La France les relâche, le Mali les condamne: deux djihadistes condamnés à mort

Des djihadistes africains au Mali/DR
Des djihadistes africains au Mali/DR

Le 20 novembre 2015, des attaques contre un hôtel et un restaurant de Bamako, la capitale malienne, avaient fait 19 morts, dont 13 étrangers. Les deux terroristes survivants viennent d’être condamnés à mort.

Fawaz Ould Ahmed, dit “Ibrahim 10”, et son co-accusé, Sadou Chaka ont été reconnus coupables mercredi par la justice malienne d’avoir commis les attentats de l’hôtel Radisson Blu et du bar-restaurant La Terrasse, qui avaient ensanglanté Bamako en 2015.

Le 7 mars 2015, des assaillants avaient attaqués le bar-restaurant-boîte de nuit La Terrasse, fréquenté par les expatriés, peu après minuit. Un Belge,  un Français et trois Maliens, dont un policier, avaient été tués, et neuf personnes blessées.

Il s’agissait du premier attentat visant des Occidentaux dans la capitale malienne, mais un autre avait suivi la même année: le 20 novembre, vers h du matin, deux jeunes djihadistes armés de fusils AK-47 avaient attaqué l’hôtel Radisson Blu de Bamako, causant 22 morts.

Les deux attaques avaient été revendiquées par le groupe Al-Mourabitoune, affilié à Al-Quaeda au Maghreb Islamique (AQMI).
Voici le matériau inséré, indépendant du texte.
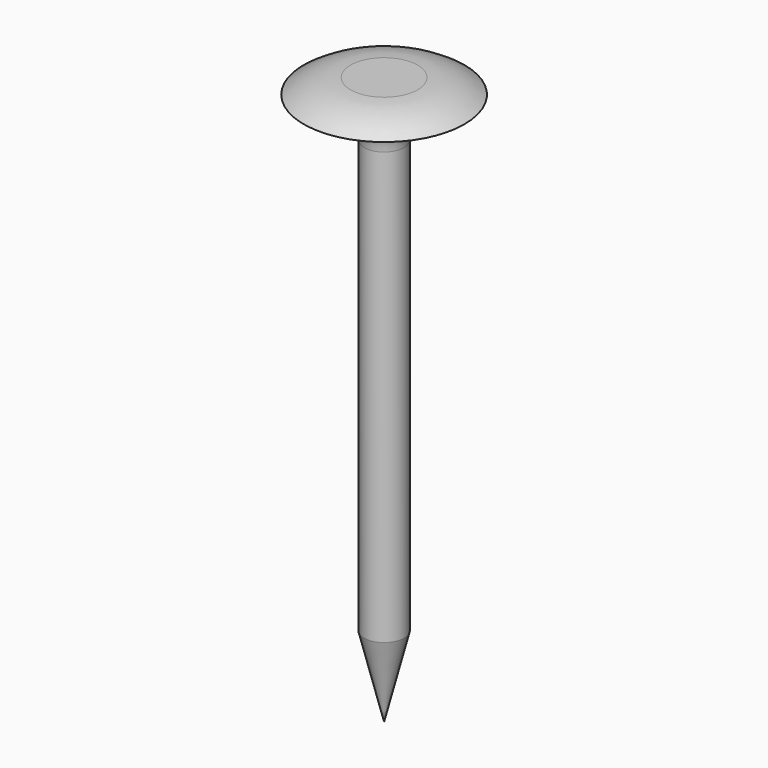
from build123d import *

# Parameters (mm, degrees)
F0_W     = 2.54
F0_H     = 69.85
F2_SIZE2 = 2.54
F2_SIZE  = 10.16
F3_R     = 5.08


# Not quite as in the source:
# - a fillet or chamfer that OpenCascade refuses, or shapes differently, is made with other operations: its cross-section is extruded or revolved along the edge and cut away or added


with BuildPart() as f1:
    # F0 (on Front) → F1 (revolve)
    with BuildSketch(Plane.XZ):
        Polygon((0, 14.605), (0, 12.7), (2.54, 12.7), (10.16, 12.7), (10.16, 14.605), align=None)
        with Locations((1.27, -22.225)):
            Rectangle(F0_W, F0_H)
    revolve(axis=Axis((0, 0, -22.225), (0, 0, -1)))

    # F2
    f2_edges = [f1.edges().sort_by_distance(p)[0] for p in [
        (-2.54, 0, -57.15),
    ]]
    f2_side = f1.faces().sort_by_distance((-2.54, 0, -22.225))[0]
    chamfer(f2_edges, length=F2_SIZE, length2=F2_SIZE2, reference=f2_side)

    # F3
    f3_edges = [f1.edges().sort_by_distance(p)[0] for p in [
        (-2.54, 0, 12.7),
    ]]
    fillet(f3_edges, radius=F3_R)

    # F4: fillet of radius 10.16 on 1 edges, made by hand

    # F4_s1 → F4_t2 (revolve, cut)
    with BuildSketch(Plane.XZ):
        with BuildLine():
            ThreePointArc((10.16, 12.7), (7.3479662746, 14.1170318444), (4.2371143013, 14.605))
            Line((4.2371143013, 14.605), (10.16, 14.605))
            Line((10.16, 14.605), (10.16, 12.7))
        make_face()
    revolve(axis=Axis((0, 0, 14.605), (0, 0, -1)), mode=Mode.SUBTRACT)


solid = f1.part
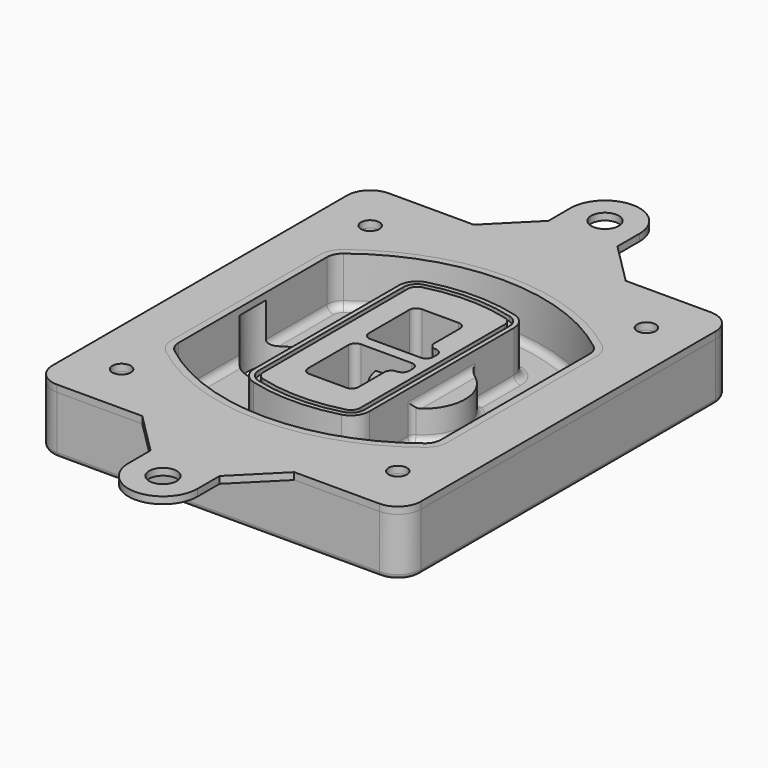
from build123d import *

# Parameters (mm, degrees)
F0_R      = 4
F1_DEPTH  = 25
F2_DEPTH  = 3
F3_DEPTH  = 18
F5_DEPTH  = 21
F6_DEPTH  = 2
F8_DEPTH  = 20
F9_DEPTH  = 16
F10_DEPTH = 25
F7_R      = 6
F7_R_2    = 4
F11_DEPTH = 6
F13_DEPTH = 9
F14_R     = 3
F15_R     = 2
F16_R     = 6
F16_R_2   = 4
F17_DEPTH = 3


with BuildPart() as f1:
    # F0 (on Top) → F1 (new body)
    with BuildSketch(Plane.XY):
        with BuildLine():
            ThreePointArc((-80, -80), (-77.0710678119, -87.0710678119), (-70, -90))
            Line((-70, -90), (70, -90))
            ThreePointArc((70, -90), (77.0710678119, -87.0710678119), (80, -80))
            Line((80, -80), (80, 80))
            ThreePointArc((80, 80), (77.0710678119, 87.0710678119), (70, 90))
            Line((70, 90), (-70, 90))
            ThreePointArc((-70, 90), (-77.0710678119, 87.0710678119), (-80, 80))
            Line((-80, 80), (-80, -80))
        make_face()
        with Locations((-60, -67.5)):
            Circle(F0_R, mode=Mode.SUBTRACT)
        with Locations((60, -67.5)):
            Circle(F0_R, mode=Mode.SUBTRACT)
        with Locations((-60, 67.5)):
            Circle(F0_R, mode=Mode.SUBTRACT)
        with BuildLine():
            ThreePointArc((-64, 40.2934422872), (-62.5820384798, 46.4328484224), (-58.6153846154, 51.3286200352))
            ThreePointArc((-58.6153846154, 51.3286200352), (0, 71.5), (58.6153846154, 51.3286200352))
            ThreePointArc((58.6153846154, 51.3286200352), (62.5820384798, 46.4328484224), (64, 40.2934422872))
            Line((64, 40.2934422872), (64, -40.2934422872))
            ThreePointArc((64, -40.2934422872), (62.5820384798, -46.4328484224), (58.6153846154, -51.3286200352))
            ThreePointArc((58.6153846154, -51.3286200352), (0, -71.5), (-58.6153846154, -51.3286200352))
            ThreePointArc((-58.6153846154, -51.3286200352), (-62.5820384798, -46.4328484224), (-64, -40.2934422872))
            Line((-64, -40.2934422872), (-64, 40.2934422872))
        make_face(mode=Mode.SUBTRACT)
        with Locations((60, 67.5)):
            Circle(F0_R, mode=Mode.SUBTRACT)
        with BuildLine():
            ThreePointArc((58.6153846154, 51.3286200352), (0, 71.5), (-58.6153846154, 51.3286200352))
            ThreePointArc((-58.6153846154, 51.3286200352), (-62.5820384798, 46.4328484224), (-64, 40.2934422872))
            Line((-64, 40.2934422872), (-64, -40.2934422872))
            ThreePointArc((-64, -40.2934422872), (-62.5820384798, -46.4328484224), (-58.6153846154, -51.3286200352))
            ThreePointArc((-58.6153846154, -51.3286200352), (0, -71.5), (58.6153846154, -51.3286200352))
            ThreePointArc((58.6153846154, -51.3286200352), (62.5820384798, -46.4328484224), (64, -40.2934422872))
            Line((64, -40.2934422872), (64, 40.2934422872))
            ThreePointArc((64, 40.2934422872), (62.5820384798, 46.4328484224), (58.6153846154, 51.3286200352))
        make_face()
        with BuildLine():
            Line((-60, -40.2934422872), (-60, 40.2934422872))
            ThreePointArc((-60, 40.2934422872), (-58.9871703427, 44.6787323838), (-56.1538461538, 48.1757121072))
            ThreePointArc((-56.1538461538, 48.1757121072), (0, 67.5), (56.1538461538, 48.1757121072))
            ThreePointArc((56.1538461538, 48.1757121072), (58.9871703427, 44.6787323838), (60, 40.2934422872))
            Line((60, 40.2934422872), (60, -40.2934422872))
            ThreePointArc((60, -40.2934422872), (58.9871703427, -44.6787323838), (56.1538461538, -48.1757121072))
            ThreePointArc((56.1538461538, -48.1757121072), (0, -67.5), (-56.1538461538, -48.1757121072))
            ThreePointArc((-56.1538461538, -48.1757121072), (-58.9871703427, -44.6787323838), (-60, -40.2934422872))
        make_face(mode=Mode.SUBTRACT)
        with BuildLine():
            ThreePointArc((-56.1538461538, 48.1757121072), (-58.9871703427, 44.6787323838), (-60, 40.2934422872))
            Line((-60, 40.2934422872), (-60, -40.2934422872))
            ThreePointArc((-60, -40.2934422872), (-58.9871703427, -44.6787323838), (-56.1538461538, -48.1757121072))
            ThreePointArc((-56.1538461538, -48.1757121072), (0, -67.5), (56.1538461538, -48.1757121072))
            ThreePointArc((56.1538461538, -48.1757121072), (58.9871703427, -44.6787323838), (60, -40.2934422872))
            Line((60, -40.2934422872), (60, 40.2934422872))
            ThreePointArc((60, 40.2934422872), (58.9871703427, 44.6787323838), (56.1538461538, 48.1757121072))
            ThreePointArc((56.1538461538, 48.1757121072), (0, 67.5), (-56.1538461538, 48.1757121072))
        make_face()
        with BuildLine():
            ThreePointArc((54.3076923077, 45.8110311612), (56.2910192399, 43.3631453548), (57, 40.2934422872))
            Line((57, 40.2934422872), (57, -40.2934422872))
            ThreePointArc((57, -40.2934422872), (56.2910192399, -43.3631453548), (54.3076923077, -45.8110311612))
            ThreePointArc((54.3076923077, -45.8110311612), (0, -64.5), (-54.3076923077, -45.8110311612))
            ThreePointArc((-54.3076923077, -45.8110311612), (-56.2910192399, -43.3631453548), (-57, -40.2934422872))
            Line((-57, -40.2934422872), (-57, 40.2934422872))
            ThreePointArc((-57, 40.2934422872), (-56.2910192399, 43.3631453548), (-54.3076923077, 45.8110311612))
            ThreePointArc((-54.3076923077, 45.8110311612), (0, 64.5), (54.3076923077, 45.8110311612))
        make_face(mode=Mode.SUBTRACT)
        with BuildLine():
            Line((57, -40.2934422872), (57, 40.2934422872))
            ThreePointArc((57, 40.2934422872), (56.2910192399, 43.3631453548), (54.3076923077, 45.8110311612))
            ThreePointArc((54.3076923077, 45.8110311612), (0, 64.5), (-54.3076923077, 45.8110311612))
            ThreePointArc((-54.3076923077, 45.8110311612), (-56.2910192399, 43.3631453548), (-57, 40.2934422872))
            Line((-57, 40.2934422872), (-57, -40.2934422872))
            ThreePointArc((-57, -40.2934422872), (-56.2910192399, -43.3631453548), (-54.3076923077, -45.8110311612))
            ThreePointArc((-54.3076923077, -45.8110311612), (0, -64.5), (54.3076923077, -45.8110311612))
            ThreePointArc((54.3076923077, -45.8110311612), (56.2910192399, -43.3631453548), (57, -40.2934422872))
        make_face()
    extrude(amount=-F1_DEPTH)

    # F0 (on Top) → F2 (join)
    with BuildSketch(Plane.XY):
        with BuildLine():
            ThreePointArc((-56.1538461538, 48.1757121072), (-58.9871703427, 44.6787323838), (-60, 40.2934422872))
            Line((-60, 40.2934422872), (-60, -40.2934422872))
            ThreePointArc((-60, -40.2934422872), (-58.9871703427, -44.6787323838), (-56.1538461538, -48.1757121072))
            ThreePointArc((-56.1538461538, -48.1757121072), (0, -67.5), (56.1538461538, -48.1757121072))
            ThreePointArc((56.1538461538, -48.1757121072), (58.9871703427, -44.6787323838), (60, -40.2934422872))
            Line((60, -40.2934422872), (60, 40.2934422872))
            ThreePointArc((60, 40.2934422872), (58.9871703427, 44.6787323838), (56.1538461538, 48.1757121072))
            ThreePointArc((56.1538461538, 48.1757121072), (0, 67.5), (-56.1538461538, 48.1757121072))
        make_face()
        with BuildLine():
            ThreePointArc((54.3076923077, 45.8110311612), (56.2910192399, 43.3631453548), (57, 40.2934422872))
            Line((57, 40.2934422872), (57, -40.2934422872))
            ThreePointArc((57, -40.2934422872), (56.2910192399, -43.3631453548), (54.3076923077, -45.8110311612))
            ThreePointArc((54.3076923077, -45.8110311612), (0, -64.5), (-54.3076923077, -45.8110311612))
            ThreePointArc((-54.3076923077, -45.8110311612), (-56.2910192399, -43.3631453548), (-57, -40.2934422872))
            Line((-57, -40.2934422872), (-57, 40.2934422872))
            ThreePointArc((-57, 40.2934422872), (-56.2910192399, 43.3631453548), (-54.3076923077, 45.8110311612))
            ThreePointArc((-54.3076923077, 45.8110311612), (0, 64.5), (54.3076923077, 45.8110311612))
        make_face(mode=Mode.SUBTRACT)
    extrude(amount=F2_DEPTH)

    # F0 (on Top) → F3 (cut)
    with BuildSketch(Plane.XY):
        with BuildLine():
            Line((57, -40.2934422872), (57, 40.2934422872))
            ThreePointArc((57, 40.2934422872), (56.2910192399, 43.3631453548), (54.3076923077, 45.8110311612))
            ThreePointArc((54.3076923077, 45.8110311612), (0, 64.5), (-54.3076923077, 45.8110311612))
            ThreePointArc((-54.3076923077, 45.8110311612), (-56.2910192399, 43.3631453548), (-57, 40.2934422872))
            Line((-57, 40.2934422872), (-57, -40.2934422872))
            ThreePointArc((-57, -40.2934422872), (-56.2910192399, -43.3631453548), (-54.3076923077, -45.8110311612))
            ThreePointArc((-54.3076923077, -45.8110311612), (0, -64.5), (54.3076923077, -45.8110311612))
            ThreePointArc((54.3076923077, -45.8110311612), (56.2910192399, -43.3631453548), (57, -40.2934422872))
        make_face()
    extrude(amount=-F3_DEPTH, mode=Mode.SUBTRACT)

    # F4 (on face) → F5 (join, through all)
    with BuildSketch(Plane.XY.offset(3)):
        with BuildLine():
            ThreePointArc((-25, -39.2465276821), (-23.3511545998, -44.1109737193), (-19.0842911877, -46.9702398883))
            ThreePointArc((-19.0842911877, -46.9702398883), (0, -49.5), (19.0842911877, -46.9702398883))
            ThreePointArc((19.0842911877, -46.9702398883), (23.3511545998, -44.1109737193), (25, -39.2465276821))
            Line((25, -39.2465276821), (25, 39.2465276821))
            ThreePointArc((25, 39.2465276821), (23.3511545998, 44.1109737193), (19.0842911877, 46.9702398883))
            ThreePointArc((19.0842911877, 46.9702398883), (0, 49.5), (-19.0842911877, 46.9702398883))
            ThreePointArc((-19.0842911877, 46.9702398883), (-23.3511545998, 44.1109737193), (-25, 39.2465276821))
            Line((-25, 39.2465276821), (-25, -39.2465276821))
        make_face()
        with BuildLine():
            ThreePointArc((18.5632183908, 45.0393118368), (21.7633659499, 42.89486221), (23, 39.2465276821))
            Line((23, 39.2465276821), (23, -39.2465276821))
            ThreePointArc((23, -39.2465276821), (21.7633659499, -42.89486221), (18.5632183908, -45.0393118368))
            ThreePointArc((18.5632183908, -45.0393118368), (0, -47.5), (-18.5632183908, -45.0393118368))
            ThreePointArc((-18.5632183908, -45.0393118368), (-21.7633659499, -42.89486221), (-23, -39.2465276821))
            Line((-23, -39.2465276821), (-23, 39.2465276821))
            ThreePointArc((-23, 39.2465276821), (-21.7633659499, 42.89486221), (-18.5632183908, 45.0393118368))
            ThreePointArc((-18.5632183908, 45.0393118368), (0, 47.5), (18.5632183908, 45.0393118368))
        make_face(mode=Mode.SUBTRACT)
        with BuildLine():
            Line((23, -39.2465276821), (23, 39.2465276821))
            ThreePointArc((23, 39.2465276821), (21.7633659499, 42.89486221), (18.5632183908, 45.0393118368))
            ThreePointArc((18.5632183908, 45.0393118368), (0, 47.5), (-18.5632183908, 45.0393118368))
            ThreePointArc((-18.5632183908, 45.0393118368), (-21.7633659499, 42.89486221), (-23, 39.2465276821))
            Line((-23, 39.2465276821), (-23, -39.2465276821))
            ThreePointArc((-23, -39.2465276821), (-21.7633659499, -42.89486221), (-18.5632183908, -45.0393118368))
            ThreePointArc((-18.5632183908, -45.0393118368), (0, -47.5), (18.5632183908, -45.0393118368))
            ThreePointArc((18.5632183908, -45.0393118368), (21.7633659499, -42.89486221), (23, -39.2465276821))
        make_face()
        with BuildLine():
            ThreePointArc((18.0421455939, 43.1083837852), (20.1755772999, 41.6787507007), (21, 39.2465276821))
            Line((21, 39.2465276821), (21, -39.2465276821))
            ThreePointArc((21, -39.2465276821), (20.1755772999, -41.6787507007), (18.0421455939, -43.1083837852))
            ThreePointArc((18.0421455939, -43.1083837852), (0, -45.5), (-18.0421455939, -43.1083837852))
            ThreePointArc((-18.0421455939, -43.1083837852), (-20.1755772999, -41.6787507007), (-21, -39.2465276821))
            Line((-21, -39.2465276821), (-21, 39.2465276821))
            ThreePointArc((-21, 39.2465276821), (-20.1755772999, 41.6787507007), (-18.0421455939, 43.1083837852))
            ThreePointArc((-18.0421455939, 43.1083837852), (0, 45.5), (18.0421455939, 43.1083837852))
        make_face(mode=Mode.SUBTRACT)
        with BuildLine():
            Line((21, -39.2465276821), (21, 39.2465276821))
            ThreePointArc((21, 39.2465276821), (20.1755772999, 41.6787507007), (18.0421455939, 43.1083837852))
            ThreePointArc((18.0421455939, 43.1083837852), (0, 45.5), (-18.0421455939, 43.1083837852))
            ThreePointArc((-18.0421455939, 43.1083837852), (-20.1755772999, 41.6787507007), (-21, 39.2465276821))
            Line((-21, 39.2465276821), (-21, -39.2465276821))
            ThreePointArc((-21, -39.2465276821), (-20.1755772999, -41.6787507007), (-18.0421455939, -43.1083837852))
            ThreePointArc((-18.0421455939, -43.1083837852), (0, -45.5), (18.0421455939, -43.1083837852))
            ThreePointArc((18.0421455939, -43.1083837852), (20.1755772999, -41.6787507007), (21, -39.2465276821))
        make_face()
        with BuildLine():
            Line((-8, -2.5), (14, -2.5))
            ThreePointArc((14, -2.5), (16.1213203436, -3.3786796564), (17, -5.5))
            Line((17, -5.5), (17, -7.5))
            ThreePointArc((17, -7.5), (16.1213203436, -9.6213203436), (14, -10.5))
            ThreePointArc((14, -10.5), (11.8786796564, -11.3786796564), (11, -13.5))
            Line((11, -13.5), (11, -27.5))
            ThreePointArc((11, -27.5), (10.1213203436, -29.6213203436), (8, -30.5))
            Line((8, -30.5), (-8, -30.5))
            ThreePointArc((-8, -30.5), (-10.1213203436, -29.6213203436), (-11, -27.5))
            Line((-11, -27.5), (-11, -5.5))
            ThreePointArc((-11, -5.5), (-10.1213203436, -3.3786796564), (-8, -2.5))
        make_face(mode=Mode.SUBTRACT)
        with BuildLine():
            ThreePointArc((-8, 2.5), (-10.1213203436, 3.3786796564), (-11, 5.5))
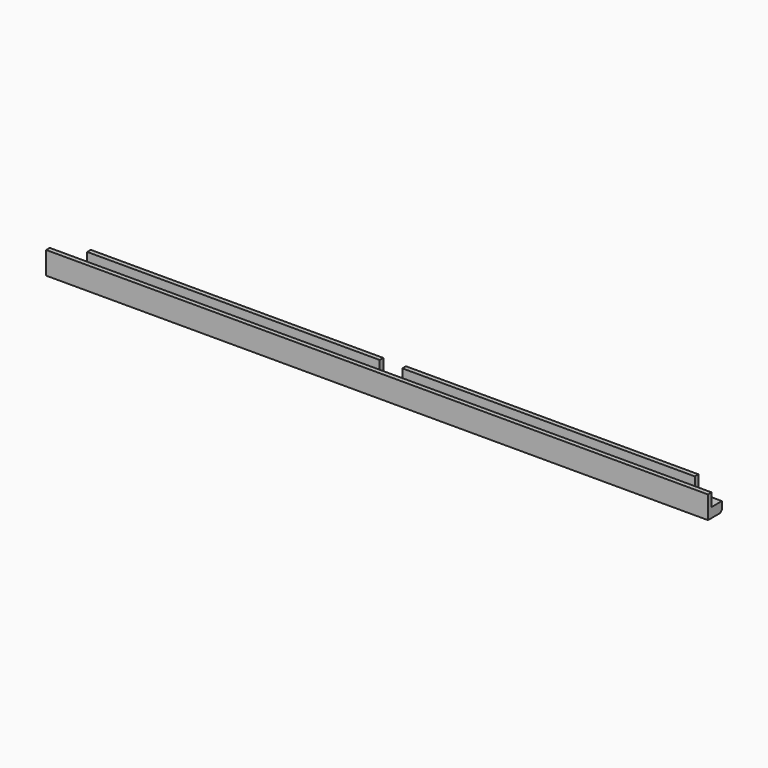
from build123d import *

# Parameters (mm, degrees)
F1_DEPTH = 4.3
F0_W     = 129.25
F0_H     = 2
F0_W_2   = 146.25
F2_DEPTH = 10
F3_SIZE  = 3


# Not quite as in the source:
# - a feature names something its author has since deleted; it is built from what else it names


with BuildPart() as f1:
    # F0 (on Top) → F1 (new body)
    with BuildSketch(Plane.XY):
        Polygon((0, 2.85), (0, -2.85), (146.25, -2.85), (146.25, 2.85), (139.25, 2.85), (134.25, 2.85), (5, 2.85), align=None)
        Polygon((-139.25, 2.85), (-146.25, 2.85), (-146.25, -2.85), (0, -2.85), (0, 2.85), (-5, 2.85), (-134.25, 2.85), align=None)
    extrude(amount=F1_DEPTH)

    # F0 (on Top) → F2 (join)
    with BuildSketch(Plane.XY):
        with Locations((69.625, 3.85)):
            Rectangle(F0_W, F0_H)
        with Locations((73.125, -3.85)):
            Rectangle(F0_W_2, F0_H)
        with Locations((-73.125, -3.85)):
            Rectangle(F0_W_2, F0_H)
        with Locations((-69.625, 3.85)):
            Rectangle(F0_W, F0_H)
    extrude(amount=F2_DEPTH)

    # F3
    f3_edges = [f1.edges().sort_by_distance(p)[0] for p in [
        (69.625, 4.85, 0),
    ]]
    chamfer(f3_edges, length=F3_SIZE)


solid = f1.part
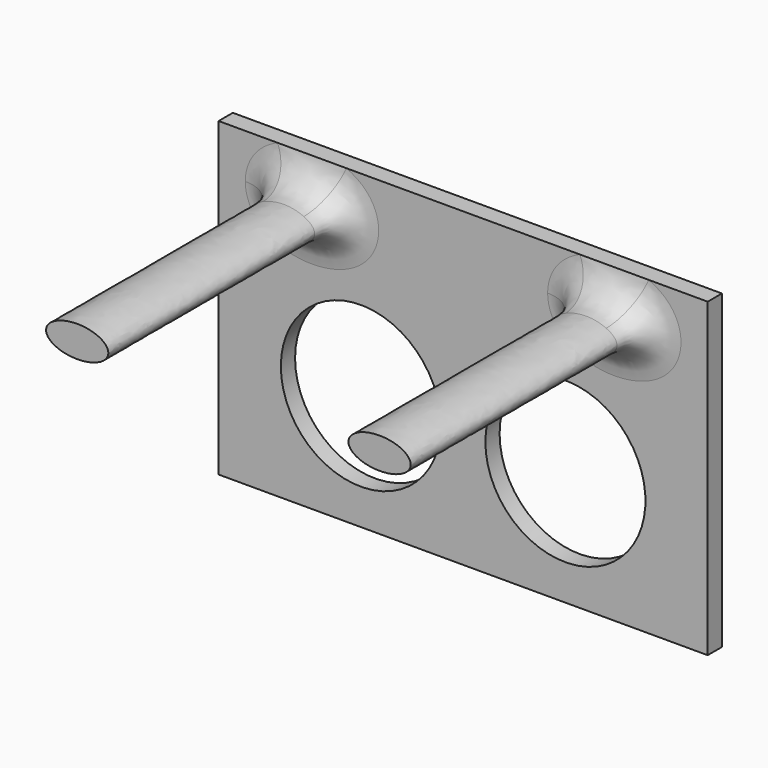
from build123d import *

# Parameters (mm, degrees)
F0_W     = 55
F0_H     = 35
F1_DEPTH = 2
F2_D     = 18
F4_DEPTH = 35
F5_R     = 4


with BuildPart() as f1:
    # F0 (on Front) → F1 (new body)
    with BuildSketch(Plane.XZ):
        with Locations((-27.5, -17.5)):
            Rectangle(F0_W, F0_H)
    extrude(amount=F1_DEPTH)

    # F2 (through all)
    with Locations(Plane(origin=(0, 0, 0), x_dir=(1, 0, 0), z_dir=(0, 1, 0))):
        with Locations((-16, 22), (-39, 22)):
            Hole(F2_D / 2)

    # F3 (on face) → F4 (join)
    with BuildSketch(Plane.XZ):
        with BuildLine():
            add(Edge.make_bspline(
                [(-14, -5), (-14, -8.0310889132), (-8.75, -6.5155444566), (-3.5, -5), (-8.75, -3.4844555434), (-14, -1.9689110868), (-14, -5)],
                knots=[0, 0, 0, 2.0943951024, 2.0943951024, 4.1887902048, 4.1887902048, 6.2831853072, 6.2831853072, 6.2831853072], degree=2, weights=[1, 0.5, 1, 0.5, 1, 0.5, 1]))
        make_face()
        with BuildLine():
            add(Edge.make_bspline(
                [(-48, -5), (-48, -8.0310889132), (-42.75, -6.5155444566), (-37.5, -5), (-42.75, -3.4844555434), (-48, -1.9689110868), (-48, -5)],
                knots=[0, 0, 0, 2.0943951024, 2.0943951024, 4.1887902048, 4.1887902048, 6.2831853072, 6.2831853072, 6.2831853072], degree=2, weights=[1, 0.5, 1, 0.5, 1, 0.5, 1]))
        make_face()
    extrude(amount=F4_DEPTH)

    # F5
    f5_edges = [f1.edges().sort_by_distance(p)[0] for p in [
        (-41, -2, -5),
        (-7, -2, -5),
    ]]
    fillet(f5_edges, radius=F5_R)


solid = f1.part

En 2016, les services de renseignement maliens ont arrêté Fawaz Ould Ahmed, de nationalité mauritanienne.

Il a été présenté comme l’auteur présumé de l’attentat de La Terrasse et le planificateur de celui du Radisson Blu. En outre, il s’apprêtait à commettre un attentat sur des cibles occidentales à Bamako.

La Cour vous a reconnu coupable des faits qu’on vous reproche et ne vous a pas accordé de circonstance atténuante“, a déclaré le président de la Cour d’assises de Bamako après deux jours d’audience. Conformément au système judiciaire malien, le procureur Boubacar Sidiki Samake a ensuite repris la parole et réclamé la peine capitale.

La Cour d’assises anti-terroriste, composée de cinq juges professionnels, s’est alors retirée pour une très courte délibération, puis le président a annoncé la peine de mort pour les deux hommes.

En même temps, pour libérer Sophie Pétronin, une humanitaire franco-suisse déténue en otage et convertie à l’islam, 206 djihadistes ont été relâchés, dont certains impliqués dans les attentats en question et dans bien d’autres.